## Recorded data
....

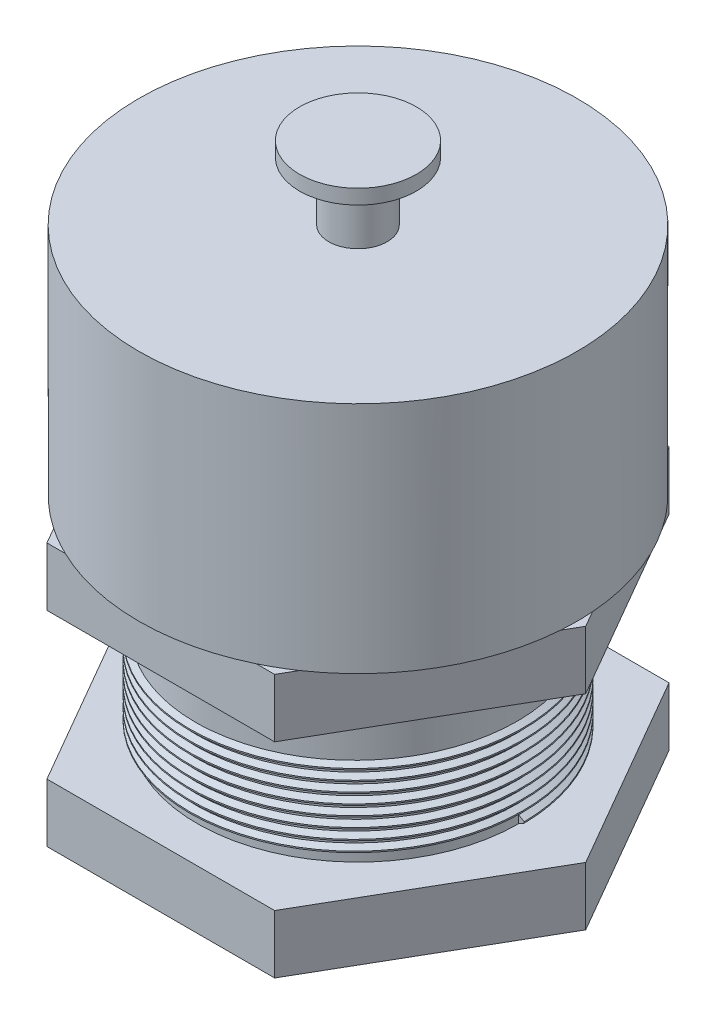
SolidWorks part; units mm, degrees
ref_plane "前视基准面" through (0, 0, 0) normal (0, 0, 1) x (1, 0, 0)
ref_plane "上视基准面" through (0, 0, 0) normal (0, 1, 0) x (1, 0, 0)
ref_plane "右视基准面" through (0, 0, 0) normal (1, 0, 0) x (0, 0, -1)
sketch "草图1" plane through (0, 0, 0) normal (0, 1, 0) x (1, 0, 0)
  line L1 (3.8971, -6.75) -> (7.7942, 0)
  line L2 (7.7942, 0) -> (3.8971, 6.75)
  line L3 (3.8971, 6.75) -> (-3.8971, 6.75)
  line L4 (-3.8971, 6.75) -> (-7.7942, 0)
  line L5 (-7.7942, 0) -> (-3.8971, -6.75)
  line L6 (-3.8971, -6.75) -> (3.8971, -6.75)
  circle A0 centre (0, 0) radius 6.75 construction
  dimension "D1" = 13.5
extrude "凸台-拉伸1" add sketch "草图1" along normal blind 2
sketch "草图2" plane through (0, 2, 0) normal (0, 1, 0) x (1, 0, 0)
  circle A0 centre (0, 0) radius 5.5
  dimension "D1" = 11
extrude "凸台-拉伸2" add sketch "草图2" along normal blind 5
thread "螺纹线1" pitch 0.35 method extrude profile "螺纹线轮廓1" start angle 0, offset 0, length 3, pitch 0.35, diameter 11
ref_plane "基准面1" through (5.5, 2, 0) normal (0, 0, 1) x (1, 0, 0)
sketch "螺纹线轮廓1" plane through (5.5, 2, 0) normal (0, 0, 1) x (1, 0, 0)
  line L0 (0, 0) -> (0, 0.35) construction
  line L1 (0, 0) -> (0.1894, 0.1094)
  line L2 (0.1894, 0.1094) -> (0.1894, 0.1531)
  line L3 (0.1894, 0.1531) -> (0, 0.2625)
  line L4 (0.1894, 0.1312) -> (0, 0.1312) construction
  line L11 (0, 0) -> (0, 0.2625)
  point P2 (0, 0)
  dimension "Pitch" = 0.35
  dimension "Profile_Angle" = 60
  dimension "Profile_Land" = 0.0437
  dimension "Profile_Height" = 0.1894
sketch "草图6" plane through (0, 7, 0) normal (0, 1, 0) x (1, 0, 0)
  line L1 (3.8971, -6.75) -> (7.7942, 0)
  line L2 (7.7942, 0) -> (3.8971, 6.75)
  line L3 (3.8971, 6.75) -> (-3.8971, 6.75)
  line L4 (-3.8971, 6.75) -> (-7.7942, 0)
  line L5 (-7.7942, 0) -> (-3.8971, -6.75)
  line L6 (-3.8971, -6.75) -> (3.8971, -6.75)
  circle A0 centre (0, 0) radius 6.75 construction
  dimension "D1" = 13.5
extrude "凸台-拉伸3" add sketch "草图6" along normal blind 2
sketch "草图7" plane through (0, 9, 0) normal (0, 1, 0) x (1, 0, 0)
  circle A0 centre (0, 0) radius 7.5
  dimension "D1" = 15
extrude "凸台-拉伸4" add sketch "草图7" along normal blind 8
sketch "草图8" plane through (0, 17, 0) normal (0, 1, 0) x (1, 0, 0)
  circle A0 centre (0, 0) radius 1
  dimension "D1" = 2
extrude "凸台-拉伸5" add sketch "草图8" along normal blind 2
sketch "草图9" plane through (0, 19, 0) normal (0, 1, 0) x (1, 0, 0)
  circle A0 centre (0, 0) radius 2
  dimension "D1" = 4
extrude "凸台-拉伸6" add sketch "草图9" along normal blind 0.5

....

## What the task asks
Scan the entries above for the string "radius", and copy every line where it turns up.

## Task solution
  circle A0 centre (0, 0) radius 6.75 construction
  circle A0 centre (0, 0) radius 5.5
  circle A0 centre (0, 0) radius 6.75 construction
  circle A0 centre (0, 0) radius 7.5
  circle A0 centre (0, 0) radius 1
  circle A0 centre (0, 0) radius 2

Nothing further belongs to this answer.